I know this implementation isn't great. I keep staring at the concurrentskiplistset thinking I should be able to implement it for better performance and not have these issues. I'm brand new to concurrency and Java, so I'm sure there's a lot to critique.

How can I make this multithreading more efficient?

Vectorizer:

public class Vectorizer {
public Vectorizer(){
}
public PriorityQueue<Document> readAll(File fileDir) 
throws InterruptedException, ExecutionException, IOException{
 //read each file.
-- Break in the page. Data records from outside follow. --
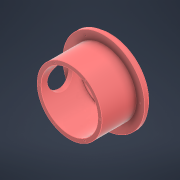
# Autodesk Inventor part: 021
Saved by Autodesk Inventor 2022 (Build 260153000, 153)
## iProperties
Created: 2021-11-06
Part Number: 021
Material: Stainless Steel, 440C
Document SubType Name: Modeling
Designer: vinicius.miguel
Density: 7.75 g/cm^3
Appearance: Smooth - Red
Mass: 1109.64 g
Surface Area: 482.868 cm^2
Volume: 143.18 cm^3
Author: vinicius.miguel
Autodesk Inventor part; units mm, degrees
ref_plane "XZ Plane" through (0, 0, 0) normal (0, 1, 0) x (-1, 0, 0)
ref_plane "XY Plane" through (0, 0, 0) normal (0, 0, 1) x (1, 0, 0)
sketch "Sketch1" plane through (0, 0, 0) normal (1, 0, 0) x (0, 1, 0)
  line L0 (0, 0) -> (0, 16.4674) construction
  line L1 (-57, -4.6) -> (-57, 0)
  line L2 (-57, 0) -> (-60, 0)
  line L3 (-60, 0) -> (-60, 5.4)
  line L4 (-60, 5.4) -> (-44.45, 5.4)
  line L5 (-44.45, 5.4) -> (-44.45, 2)
  line L6 (-44.45, 2) -> (-41, 2)
  line L7 (-41, 2) -> (-41, 1)
  line L8 (-41, 1) -> (-39, 1)
  line L9 (-39, 1) -> (-39, 2)
  line L10 (-39, 2) -> (-37, 2)
  line L11 (-37, -4.6) -> (-57, -4.6)
  line L12 (-37, -4.6) -> (-37, 2)
  line L13 (-47.5, 5.4) -> (-47.5, 55.4)
  line L14 (-47.5, 55.4) -> (-41.5, 55.4)
  line L15 (-41.5, 55.4) -> (-41.5, 2)
  point P0 (-47.5615, 5.4)
  dimension "d2" = 4.6
  dimension "d3" = 10
  dimension "d4" = 1
  dimension "d5" = 2
  dimension "d8" = 88.9
  dimension "d9" = 120
  dimension "d19" = 74
  dimension "d20" = 114
  dimension "d21" = 2
  dimension "d22" = 78
  dimension "d40" = 2
  dimension "d44" = 83
  dimension "d45" = 60
  dimension "d46" = 6
  constraints: 32 end point, 10 perpendicular, 4 point on line, 3 vertical, 1 horizontal alignment
  measures "d2" distance of L1.start L1.end
  measures "d3" distance between parallel lines of L4 L11
  measures "d4" distance of L8.end L9.end
  measures "d5" distance of L7.end L8.end
  measures "d8" diameter of L5 L0
  measures "d9" diameter of L3 L0
  measures "d19" diameter of L12 L0
  measures "d20" diameter of L1 L0
  measures "d21" distance of L9.end L10.end
  measures "d22" diameter of L9 L0
  measures "d40" distance between parallel lines of L2 L6
  measures "d44" diameter of L15 L0
  measures "d45" distance between parallel lines of L11 L14
  measures "d46" distance of L13.end L14.end
revolve "Revolution1" add sketch "Sketch1" angle 360 about axis through (0, 0, 0) along (0, 0, 1)
chamfer "Chamfer4" distance 1 angle 45 1 edges at (0, 57, -4.6)
sketch "Sketch2" plane through (0, 0, -4.6) normal (0, 0, -1) x (-1, 0, 0)
  point P0 (0, 0)
  point P1 (-53, 0)
  dimension "d26" = 53
  constraints: 1 horizontal alignment
  measures "d26" distance of point (0, 0) point (-53, 0)
hole "Hole1" at (53, 0, -4.6) direction (0, 0, 1) diameter 2.459 end through all counterbore diameter 4 counterbore depth 4.6 thread size "M3x0.5" class "6H" standard "ANSI Metric M Profile"
pattern_circular "Circular Pattern1" count 3 over 360 about axis through (0, 0, 2.7) along (0, 0, 1) of "Hole1"
chamfer "Chamfer5" distance 3 angle 45 1 edges at (0, 37, -4.6)
sketch "Sketch3" plane through (0, 0, 55.4) normal (0, 0, 1) x (1, 0, 0)
  circle A0 centre (0, 0) radius 47.5 projected
  circle A1 centre (0, 0) radius 41.5 projected
  circle A2 centre (0, 0) radius 47.5 projected
  point P0 (44.5, 0)
  dimension "d65" = 44.5
  constraints: 1 horizontal alignment
  measures "d65" distance of point (44.5, 0) point (0, 0)
hole "Hole2" at (44.5, 0, 55.4) direction (0, 0, -1) diameter 2.459 depth 8.8 tip angle 118 thread size "M3x0.5" class "6H" standard "ISO Metric profile"
pattern_circular "Circular Pattern2" count 6 over 360 about axis through (0, 0, 30.4) along (0, 0, 1) of "Hole2"
ref_plane "Work Plane1" through (-47.5, 0, 30.4) normal (1, 0, 0) x (0, 1, 0)
sketch "Sketch4" plane through (-47.5, 0, 30.4) normal (1, 0, 0) x (0, 1, 0)
  circle A0 centre (0, -3) radius 19
  line L0 (60, -25) -> (-60, -25) projected
  point P0 (0, -30.4)
  dimension "d57" = 38
  dimension "d58" = 22
  constraints: 1 centre point, 1 vertical alignment
  measures "d57" diameter of A0
  measures "d58" distance from line of A0.centre L0
extrude "Extrusion1" cut sketch "Sketch4" along normal blind 15
chamfer "Chamfer6" distance 0.25 angle 45 4 edges at (0, 47.5, 55.4) (0, 41.5, 55.4) (0, 60, 5.4) (0, 60, 0)
body "Solid1"

When each file is vectorized, put it in a minibatch.
 //producer-consumer threading structure.
 int NUM_THREADS = Runtime.getRuntime().availableProcessors();
 BlockingQueue<LinkedList<String>> queue = new ArrayBlockingQueue<>(50);
 ExecutorService service = Executors.newFixedThreadPool(NUM_THREADS);
 CompletionService<Document> completionService = 
 new ExecutorCompletionService<Document>(service);
 //TODO: is list the most efficient structure to handle future?
 List<Future<Document>> docs = new ArrayList<Future<Document>>();
 for (int i = 0; i < (NUM_THREADS - 1); i++) {
 docs.add(completionService.submit(new DocumentConsumer(queue)));
 }
 // Wait for ReadFile to complete
 service.submit(new ReadFile(queue, fileDir)).get();
 service.shutdownNow(); // interrupt CPUTasks
 // Wait for DocumentConsumer to complete
 service.awaitTermination(365, TimeUnit.DAYS);
 //do things with processed docs.
 //should I be doing this, though?
 PriorityQueue<Document> Documents = new PriorityQueue<Document>();
 for(Future<Document> d : docs){
 try{
 Document doc = d.get();
 Documents.add(doc);
 System.out.println(Integer.toString(doc.Cj));
 } catch(ExecutionException e) {
 e.getCause();e.printStackTrace();
 }
 }
 return Documents;
}

Document object (without compare and overload):

public class Document implements Comparator<Document>{
int docId, Cj;
HashMap<String,Integer> termTable;
public Document(int id,int Cj, HashMap<String,Integer> termMap){
 this.docId = id;
 this.Cj = Cj;
 this.termTable = termMap;
}

docId is set during file reading. I read in a file and append the count to the first line, which is then set during processing.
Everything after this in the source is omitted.